BatchEngine::run_workbatch_streaming (and run_governed when the byte budget
is wired) processes each block in consecutive byte-budget-sized SUB-BLOCKS:
recv(block of N records)
-> split into sub-blocks of ~budget bytes (floor: one record)
-> for each sub-block:
lease its bytes -> process -> send -> RELEASE lease
-> commit ALL the block's source acks ONCE, after the final sub-block
Each sub-block's ingress lease is released BEFORE the next is leased, so peak
in-flight ingress memory is bounded to ONE sub-block (~sub_block_bytes), not
the whole block. A record larger than the budget is still its own single-record
sub-block, so the loop never stalls.
Commit discipline holds across the split:
- Each sub-block view carries EMPTY commit tokens, so a fan-out within a sub-block never multiplies the source acks.

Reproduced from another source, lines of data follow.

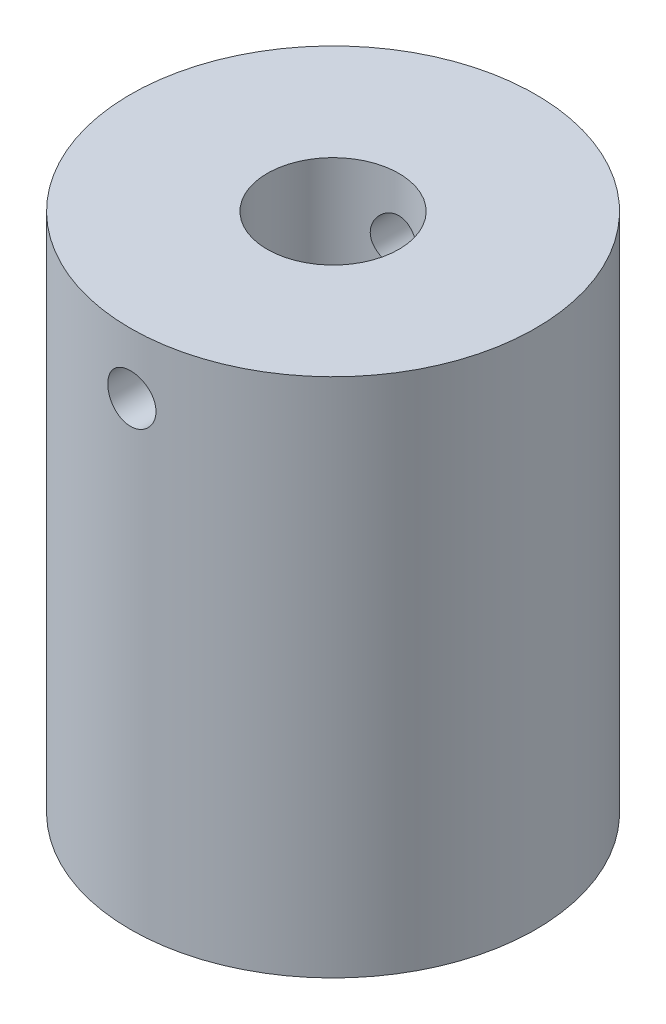
ISO-10303-21;
HEADER;
FILE_DESCRIPTION(('STEP AP214'),'2;1');
FILE_NAME('part.step','',(''),(''),'','','');
FILE_SCHEMA(('AUTOMOTIVE_DESIGN { 1 0 10303 214 1 1 1 1 }'));
ENDSEC;
DATA;
#1=APPLICATION_CONTEXT('core data for automotive mechanical design processes');
#2=APPLICATION_PROTOCOL_DEFINITION('international standard','automotive_design',2000,#1);
#3=PRODUCT_CONTEXT('',#1,'mechanical');
#4=PRODUCT('Part','Part','',(#3));
#5=PRODUCT_RELATED_PRODUCT_CATEGORY('part','',(#4));
#6=PRODUCT_DEFINITION_FORMATION('','',#4);
#7=PRODUCT_DEFINITION_CONTEXT('part definition',#1,'design');
#8=PRODUCT_DEFINITION('design','',#6,#7);
#9=PRODUCT_DEFINITION_SHAPE('','',#8);
#10=(LENGTH_UNIT() NAMED_UNIT(*) SI_UNIT(.MILLI.,.METRE.));
#11=(NAMED_UNIT(*) PLANE_ANGLE_UNIT() SI_UNIT($,.RADIAN.));
#12=(NAMED_UNIT(*) SI_UNIT($,.STERADIAN.) SOLID_ANGLE_UNIT());
#13=UNCERTAINTY_MEASURE_WITH_UNIT(LENGTH_MEASURE(1.E-05),#10,'distance_accuracy_value','');
#14=(GEOMETRIC_REPRESENTATION_CONTEXT(3) GLOBAL_UNCERTAINTY_ASSIGNED_CONTEXT((#13)) GLOBAL_UNIT_ASSIGNED_CONTEXT((#10,
#11,#12)) REPRESENTATION_CONTEXT('',''));
#15=CARTESIAN_POINT('',(0.,0.,0.));
#16=DIRECTION('',(0.,0.,1.));
#17=DIRECTION('',(1.,0.,0.));
#18=AXIS2_PLACEMENT_3D('',#15,#16,#17);
#19=CARTESIAN_POINT('',(7.90631053445259E-08,25.6615410821023,-0.00230135223591423));
#20=DIRECTION('',(0.,-1.,0.));
#21=DIRECTION('',(0.,0.,-1.));
#22=AXIS2_PLACEMENT_3D('',#19,#20,#21);
#23=CYLINDRICAL_SURFACE('',#22,12.699999999365);
#24=CARTESIAN_POINT('',(7.90631053445259E-08,23.3628408916023,-12.7023013516009));
#25=CARTESIAN_POINT('',(-0.0845696148416569,23.3628372793064,-12.7023002188469));
#26=CARTESIAN_POINT('',(-0.169192954352257,23.3557184089442,-12.7014476876862));
#27=CARTESIAN_POINT('',(-0.336087114147762,23.3274309365894,-12.6981287688739));
#28=CARTESIAN_POINT('',(-0.418355346410262,23.3062474539306,-12.6956606719574));
#29=CARTESIAN_POINT('',(-0.578098820563869,23.250461765435,-12.6893888117648));
#30=CARTESIAN_POINT('',(-0.655577164458697,23.2158683518949,-12.685585923806));
#31=CARTESIAN_POINT('',(-0.803613149594646,23.1342634734478,-12.6770680287157));
#32=CARTESIAN_POINT('',(-0.874172023798719,23.0872542264206,-12.67235318453));
#33=CARTESIAN_POINT('',(-1.00673500183028,22.9819000545557,-12.6625118213095));
#34=CARTESIAN_POINT('',(-1.06869945975999,22.9235054029881,-12.6573835564462));
#35=CARTESIAN_POINT('',(-1.18197338123497,22.797144671766,-12.6473075074437));
#36=CARTESIAN_POINT('',(-1.23328231532977,22.7291781167853,-12.6423597322829));
#37=CARTESIAN_POINT('',(-1.32393470667361,22.5853474653493,-12.6331875587314));
#38=CARTESIAN_POINT('',(-1.36324131812571,22.509459990578,-12.6289654049212));
#39=CARTESIAN_POINT('',(-1.42853800477977,22.352102733054,-12.6217452624361));
#40=CARTESIAN_POINT('',(-1.4545285387531,22.2706331427284,-12.6187472315879));
#41=CARTESIAN_POINT('',(-1.49233549977857,22.1048341923155,-12.6143312753195));
#42=CARTESIAN_POINT('',(-1.50421860866326,22.0205202389618,-12.6129059185885));
#43=CARTESIAN_POINT('',(-1.51367968431702,21.8510836461911,-12.6117738850823));
#44=CARTESIAN_POINT('',(-1.51125817431822,21.7659610364669,-12.6120671454439));
#45=CARTESIAN_POINT('',(-1.49223354350995,21.5977868437959,-12.6143324124698));
#46=CARTESIAN_POINT('',(-1.47570370620829,21.5147268372732,-12.6162957440323));
#47=CARTESIAN_POINT('',(-1.42904590124534,21.3525681553089,-12.6216664027678));
#48=CARTESIAN_POINT('',(-1.39891768174514,21.2734695532617,-12.6250737566838));
#49=CARTESIAN_POINT('',(-1.32583902355308,21.1212503376166,-12.6329584167725));
#50=CARTESIAN_POINT('',(-1.28285656594804,21.0481452396541,-12.6374383891322));
#51=CARTESIAN_POINT('',(-1.18531247627814,20.9101581741052,-12.6469614019277));
#52=CARTESIAN_POINT('',(-1.13075036403498,20.8452765477031,-12.6520044657093));
#53=CARTESIAN_POINT('',(-1.01118881970079,20.7251526874327,-12.6621240309365));
#54=CARTESIAN_POINT('',(-0.946126188721636,20.6699733380998,-12.667200544078));
#55=CARTESIAN_POINT('',(-0.807628575958914,20.5713094218838,-12.6767854127394));
#56=CARTESIAN_POINT('',(-0.73419357782012,20.5278248778468,-12.6812937671494));
#57=CARTESIAN_POINT('',(-0.580988565438194,20.4537855616742,-12.6892367824864));
#58=CARTESIAN_POINT('',(-0.501216725135993,20.4232345327008,-12.6926711325047));
#59=CARTESIAN_POINT('',(-0.337625447311526,20.3759783993849,-12.6980762867787));
#60=CARTESIAN_POINT('',(-0.253806181592356,20.3592727078882,-12.7000471530976));
#61=CARTESIAN_POINT('',(-0.085043323164782,20.3402625166868,-12.7022952366158));
#62=CARTESIAN_POINT('',(-0.000109623124884477,20.3378713519438,-12.7025826458111));
#63=CARTESIAN_POINT('',(0.168948247590581,20.3473296628584,-12.7014589010404));
#64=CARTESIAN_POINT('',(0.253072433825441,20.3591788642552,-12.7000477797871));
#65=CARTESIAN_POINT('',(0.417869030020552,20.3967095787821,-12.6956919164251));
#66=CARTESIAN_POINT('',(0.498550937690297,20.4223499620032,-12.6927517353424));
#67=CARTESIAN_POINT('',(0.654469354490724,20.4866925712086,-12.6856670894488));
#68=CARTESIAN_POINT('',(0.729705694557353,20.5253952025146,-12.6815225872682));
#69=CARTESIAN_POINT('',(0.872985594636391,20.6149747250107,-12.6724663278202));
#70=CARTESIAN_POINT('',(0.940993736402984,20.6659079058374,-12.6675510605966));
#71=CARTESIAN_POINT('',(1.0675268657601,20.7784228096483,-12.6575146247456));
#72=CARTESIAN_POINT('',(1.12605151322184,20.8400049143961,-12.6523934487413));
#73=CARTESIAN_POINT('',(1.23226214051118,20.9724504114479,-12.6424911353638));
#74=CARTESIAN_POINT('',(1.2798908174261,21.0433599173393,-12.6377118826662));
#75=CARTESIAN_POINT('',(1.362562137828,21.1922226410045,-12.6290649791939));
#76=CARTESIAN_POINT('',(1.39760501344141,21.2701757288367,-12.6251973116068));
#77=CARTESIAN_POINT('',(1.45401639486109,21.4307249085801,-12.6188240897818));
#78=CARTESIAN_POINT('',(1.47541767134513,21.5133093510393,-12.6163152734264));
#79=CARTESIAN_POINT('',(1.50404410335422,21.6809313612765,-12.6129342754558));
#80=CARTESIAN_POINT('',(1.51126985182022,21.7659688262973,-12.6120620253856));
#81=CARTESIAN_POINT('',(1.51132992914492,21.9355130579527,-12.6120547795347));
#82=CARTESIAN_POINT('',(1.50425427669386,22.020019806427,-12.6129089171849));
#83=CARTESIAN_POINT('',(1.47610254031038,22.1866341621517,-12.6162348957623));
#84=CARTESIAN_POINT('',(1.45502645069213,22.2687417684277,-12.6187067373464));
#85=CARTESIAN_POINT('',(1.39949942697333,22.4282181143624,-12.6249863401038));
#86=CARTESIAN_POINT('',(1.36505239903992,22.5055882303892,-12.6287937110861));
#87=CARTESIAN_POINT('',(1.28377023251956,22.6534641102934,-12.6373160634371));
#88=CARTESIAN_POINT('',(1.23693499644776,22.7239698201476,-12.6420310519478));
#89=CARTESIAN_POINT('',(1.1318706581952,22.856576088214,-12.6518729568715));
#90=CARTESIAN_POINT('',(1.0735744257693,22.9186232901208,-12.6570021899715));
#91=CARTESIAN_POINT('',(0.947381782618675,23.0320900026687,-12.6670739800853));
#92=CARTESIAN_POINT('',(0.879483103096344,23.0835069945912,-12.6720164926313));
#93=CARTESIAN_POINT('',(0.735746014907268,23.1744028201091,-12.6811766140111));
#94=CARTESIAN_POINT('',(0.659880954149518,23.213839742857,-12.6853916561705));
#95=CARTESIAN_POINT('',(0.502598939540561,23.2793588210675,-12.692595545792));
#96=CARTESIAN_POINT('',(0.421188189488289,23.3054556304696,-12.6955857380151));
#97=CARTESIAN_POINT('',(0.282787955443692,23.3372387422627,-12.6992742077948));
#98=CARTESIAN_POINT('',(0.226674561464741,23.3468259292641,-12.7004039184879));
#99=CARTESIAN_POINT('',(0.113715554453711,23.3596281979289,-12.7019178688512));
#100=CARTESIAN_POINT('',(0.0568699461514096,23.3628433207323,-12.7023021133344));
#101=CARTESIAN_POINT('',(7.90631053445259E-08,23.3628408916023,-12.7023013516009));
#102=B_SPLINE_CURVE_WITH_KNOTS('',3,(#24,#25,#26,#27,#28,#29,#30,#31,#32,#33,#34,#35,#36,#37,
#38,#39,#40,#41,#42,#43,#44,#45,#46,#47,#48,#49,#50,#51,#52,#53,#54,#55,#56,#57,#58,#59,#60,#61,
#62,#63,#64,#65,#66,#67,#68,#69,#70,#71,#72,#73,#74,#75,#76,#77,#78,#79,#80,#81,#82,#83,#84,#85,
#86,#87,#88,#89,#90,#91,#92,#93,#94,#95,#96,#97,#98,#99,#100,#101),.UNSPECIFIED.,.T.,.F.,(4,2,2,
2,2,2,2,2,2,2,2,2,2,2,2,2,2,2,2,2,2,2,2,2,2,2,2,2,2,2,2,2,2,2,2,2,2,2,4),(0.,0.253501370087271,
0.507271378460939,0.760875281755719,1.01443391358374,1.26912584882524,1.52383043614445,
1.77930925426548,2.03477926992585,2.28903688092427,2.54328519178514,2.79622083110806,
3.04916115493275,3.30273685710509,3.55632307646075,3.81149673057787,4.06667088317947,
4.32191883677983,4.57715596525029,4.83084622533101,5.08453159956967,5.33746456063073,
5.59040537092786,5.84453340873244,6.0986705589099,6.35411499505537,6.60955471966543,
6.86437847557184,7.11919157235804,7.37240576951553,7.62562006950802,7.8787604514376,
8.13190282542968,8.38657464501751,8.64130673748512,8.89691998079046,9.15225182962976,
9.32272285342816,9.4931927766113),.UNSPECIFIED.);
#103=CARTESIAN_POINT('',(7.90631053445259E-08,23.3628408916023,-12.7023013516009));
#104=VERTEX_POINT('',#103);
#105=EDGE_CURVE('E114',#104,#104,#102,.T.);
#106=ORIENTED_EDGE('',*,*,#105,.T.);
#107=EDGE_LOOP('',(#106));
#108=FACE_BOUND('',#107,.T.);
#109=CARTESIAN_POINT('',(1.51130007906311,21.8515408916023,12.6074556753151));
#110=CARTESIAN_POINT('',(1.51129646465554,21.7669735879391,12.6074568383633));
#111=CARTESIAN_POINT('',(1.50417798310974,21.6823526315239,12.6083155823394));
#112=CARTESIAN_POINT('',(1.47589219546105,21.5154634228257,12.6116566880572));
#113=CARTESIAN_POINT('',(1.45471000030889,21.4331977604444,12.6141407704805));
#114=CARTESIAN_POINT('',(1.39892807781605,21.2734597215588,12.6204472918536));
#115=CARTESIAN_POINT('',(1.36433720387139,21.1959842212936,12.6242688475437));
#116=CARTESIAN_POINT('',(1.28273830690039,21.0479530052959,12.6328186530495));
#117=CARTESIAN_POINT('',(1.23573249556647,20.9773960601059,12.6375467413274));
#118=CARTESIAN_POINT('',(1.13038180195701,20.8448309221589,12.647403808429));
#119=CARTESIAN_POINT('',(1.07198642467054,20.7828629819718,12.6525345093337));
#120=CARTESIAN_POINT('',(0.945622777438378,20.6695823344357,12.6626031815053));
#121=CARTESIAN_POINT('',(0.87765404169594,20.6182701458485,12.6675411433796));
#122=CARTESIAN_POINT('',(0.733821461358817,20.5276143367819,12.6766854573977));
#123=CARTESIAN_POINT('',(0.657934613572194,20.4883069683742,12.6808895774289));
#124=CARTESIAN_POINT('',(0.500578718216935,20.423008709568,12.6880736315433));
#125=CARTESIAN_POINT('',(0.419109859365843,20.3970173692307,12.6910536069889));
#126=CARTESIAN_POINT('',(0.253313222397829,20.359208744633,12.6954414894544));
#127=CARTESIAN_POINT('',(0.1690008673162,20.3473247007621,12.6968567987));
#128=CARTESIAN_POINT('',(-0.000432590595784326,20.337861201298,12.6979811348627));
#129=CARTESIAN_POINT('',(-0.0855536643158406,20.3402812327542,12.6976902229656));
#130=CARTESIAN_POINT('',(-0.253734338602587,20.3593035081876,12.6954409012311));
#131=CARTESIAN_POINT('',(-0.336802188340548,20.3758339575271,12.6934909329343));
#132=CARTESIAN_POINT('',(-0.498976240186795,20.4224956995735,12.6881521285708));
#133=CARTESIAN_POINT('',(-0.578082372980451,20.4526272301541,12.6847632673388));
#134=CARTESIAN_POINT('',(-0.730310773705238,20.5257127737567,12.6769129622865));
#135=CARTESIAN_POINT('',(-0.80341789775032,20.5686980380691,12.6724489095581));
#136=CARTESIAN_POINT('',(-0.941407828039552,20.6662481340174,12.6629480421221));
#137=CARTESIAN_POINT('',(-1.00629029217783,20.7208134470749,12.6579112036061));
#138=CARTESIAN_POINT('',(-1.12641059124666,20.8403772798801,12.6477920253198));
#139=CARTESIAN_POINT('',(-1.18158618629783,20.9054383404863,12.6427095969754));
#140=CARTESIAN_POINT('',(-1.28024327336548,21.0439314672289,12.6331029418733));
#141=CARTESIAN_POINT('',(-1.32372473463839,21.1173635553718,12.6285787165831));
#142=CARTESIAN_POINT('',(-1.39776182590805,21.2705677418682,12.6206006715521));
#143=CARTESIAN_POINT('',(-1.42831276740956,21.3503421274518,12.6171472401931));
#144=CARTESIAN_POINT('',(-1.47556794752441,21.5139389433434,12.611709505492));
#145=CARTESIAN_POINT('',(-1.49227278896554,21.5977611972483,12.6097251381906));
#146=CARTESIAN_POINT('',(-1.51127976958748,21.7665255049512,12.6074617646801));
#147=CARTESIAN_POINT('',(-1.51366936471355,21.8514575755695,12.6071724034346));
#148=CARTESIAN_POINT('',(-1.50420849609675,22.0205118117644,12.6083044362357));
#149=CARTESIAN_POINT('',(-1.49235830677846,22.1046339929175,12.6097257973139));
#150=CARTESIAN_POINT('',(-1.45482776892708,22.2694203128179,12.614109683492));
#151=CARTESIAN_POINT('',(-1.42918950913326,22.3500941729266,12.6170675175036));
#152=CARTESIAN_POINT('',(-1.36485383809236,22.5059974325426,12.6241872765211));
#153=CARTESIAN_POINT('',(-1.32615600893283,22.5812266577254,12.6283492400591));
#154=CARTESIAN_POINT('',(-1.23658360865817,22.7245016135085,12.6374331880848));
#155=CARTESIAN_POINT('',(-1.18565152928477,22.7925111625344,12.6423587218228));
#156=CARTESIAN_POINT('',(-1.07313799056379,22.9190476433686,12.6524035683106));
#157=CARTESIAN_POINT('',(-1.01155615646337,22.977574241342,12.6575228878745));
#158=CARTESIAN_POINT('',(-0.879109828447839,23.0837892215384,12.6674101613913));
#159=CARTESIAN_POINT('',(-0.808199168770065,23.1314202434508,12.6721761703439));
#160=CARTESIAN_POINT('',(-0.659333499043033,23.2140956760769,12.6807909484723));
#161=CARTESIAN_POINT('',(-0.581378619517785,23.2491403199466,12.6846397346388));
#162=CARTESIAN_POINT('',(-0.420830459065367,23.305552841278,12.6909777460553));
#163=CARTESIAN_POINT('',(-0.338249099075065,23.3269542556089,12.6934703028682));
#164=CARTESIAN_POINT('',(-0.170633601013161,23.3555820073064,12.6968288072524));
#165=CARTESIAN_POINT('',(-0.0855995628129667,23.3628089210246,12.6976948209608));
#166=CARTESIAN_POINT('',(0.0839465611251043,23.3628724549088,12.6977024246983));
#167=CARTESIAN_POINT('',(0.168458626952902,23.3557976748788,12.6968546318565));
#168=CARTESIAN_POINT('',(0.335083838471384,23.3276458153609,12.6935509346006));
#169=CARTESIAN_POINT('',(0.417196984783226,23.3065687394988,12.691095030603));
#170=CARTESIAN_POINT('',(0.576684641896902,23.2510375902454,12.6848499256681));
#171=CARTESIAN_POINT('',(0.654060500611336,23.2165873426285,12.6810611060782));
#172=CARTESIAN_POINT('',(0.801946526439298,23.1352969544779,12.6725704327158));
#173=CARTESIAN_POINT('',(0.87245664309923,23.0884567229046,12.6678685722346));
#174=CARTESIAN_POINT('',(1.0050628167079,22.9833868222213,12.6580423669985));
#175=CARTESIAN_POINT('',(1.06710642107235,22.9250911698521,12.6529156791714));
#176=CARTESIAN_POINT('',(1.1805661456561,22.798901176337,12.6428367261954));
#177=CARTESIAN_POINT('',(1.23197973763901,22.7310045581536,12.6378845027728));
#178=CARTESIAN_POINT('',(1.32287182441588,22.5872692167015,12.6286966651552));
#179=CARTESIAN_POINT('',(1.36230781818597,22.5114034680658,12.6244636257679));
#180=CARTESIAN_POINT('',(1.42782497017739,22.3541200088967,12.6172236918261));
#181=CARTESIAN_POINT('',(1.45392079393157,22.2727085072032,12.6142154515312));
#182=CARTESIAN_POINT('',(1.48570118392937,22.1343108989567,12.6105035390795));
#183=CARTESIAN_POINT('',(1.49528714589229,22.0782010740488,12.609366206727));
#184=CARTESIAN_POINT('',(1.50808778759039,21.9652492135055,12.6078418862908));
#185=CARTESIAN_POINT('',(1.51130250952906,21.9084071827228,12.6074548932369));
#186=CARTESIAN_POINT('',(1.51130007906311,21.8515408916023,12.6074556753151));
#187=B_SPLINE_CURVE_WITH_KNOTS('',3,(#109,#110,#111,#112,#113,#114,#115,#116,#117,#118,#119,
#120,#121,#122,#123,#124,#125,#126,#127,#128,#129,#130,#131,#132,#133,#134,#135,#136,#137,#138,
#139,#140,#141,#142,#143,#144,#145,#146,#147,#148,#149,#150,#151,#152,#153,#154,#155,#156,#157,
#158,#159,#160,#161,#162,#163,#164,#165,#166,#167,#168,#169,#170,#171,#172,#173,#174,#175,#176,
#177,#178,#179,#180,#181,#182,#183,#184,#185,#186),.UNSPECIFIED.,.T.,.F.,(4,2,2,2,2,2,2,2,2,2,2,
2,2,2,2,2,2,2,2,2,2,2,2,2,2,2,2,2,2,2,2,2,2,2,2,2,2,2,4),(0.,0.253494189664619,
0.507257178789039,0.760852899539713,1.01440347323576,1.26910480624692,1.52381853616768,
1.77929401196897,2.03476085487134,2.28901387673195,2.5432577810215,2.79621573585145,
3.04917811491627,3.3027605925517,3.55635361452693,3.81151767781092,4.06668241190792,
4.32193958744478,4.57718564907915,4.83087073599217,5.08455093404545,5.33746112052371,
5.59037940101609,5.84451065008353,6.0986508435628,6.35409966417613,6.60954375248824,
6.86435747918027,7.11916084463603,7.37239052656431,7.62562014292247,7.87877736910828,
8.13193645550505,8.3865989024068,8.64132184858857,8.89693836294813,9.15227325735621,
9.32273358009403,9.49319277368794),.UNSPECIFIED.);
#188=CARTESIAN_POINT('',(1.51130007906311,21.8515408916023,12.6074556753151));
#189=VERTEX_POINT('',#188);
#190=EDGE_CURVE('E149',#189,#189,#187,.T.);
#191=ORIENTED_EDGE('',*,*,#190,.T.);
#192=EDGE_LOOP('',(#191));
#193=FACE_BOUND('',#192,.T.);
#194=CARTESIAN_POINT('',(7.90631053445259E-08,25.6615410821023,-0.00230135223591423));
#195=DIRECTION('',(0.,1.,0.));
#196=DIRECTION('',(0.,0.,1.));
#197=AXIS2_PLACEMENT_3D('',#194,#195,#196);
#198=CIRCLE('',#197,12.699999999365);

- The whole block's source acks commit EXACTLY ONCE, after the FINAL
sub-block's sink returns
Ok(underCommitMode::Auto). - A sink error on ANY sub-block stops the block and skips the commit, so the WHOLE block is re-delivered. At-least-once holds even mid-stream.
Under low pressure the budget is big: the whole block is a single sub-block, no per-record overhead -- the streaming path collapses to the whole-batch path. The byte budget shrinks peak memory only when pressure demands it.
Pausing intake is the LOCAL response on one pod. It buys time for the buffer to drain, but sustained pressure -- the pod just cannot keep up -- needs more pods, not a permanently-paused intake.
A paused source grows consumer lag (Kafka) or queue depth (other sources). KEDA
reads that lag via ScalingPressure's external-scaler signal and adds replicas.
The two levers compose:
- InboundGate is the fast, local, per-pod brake -- milliseconds, no new capacity.
- KEDA scaling is the slow, global, capacity response -- seconds to a new pod, driven by the lag the brake helps surface.
See SELF-REGULATION.md (the three brains) and pipeline/SCALING.md (the KEDA signal).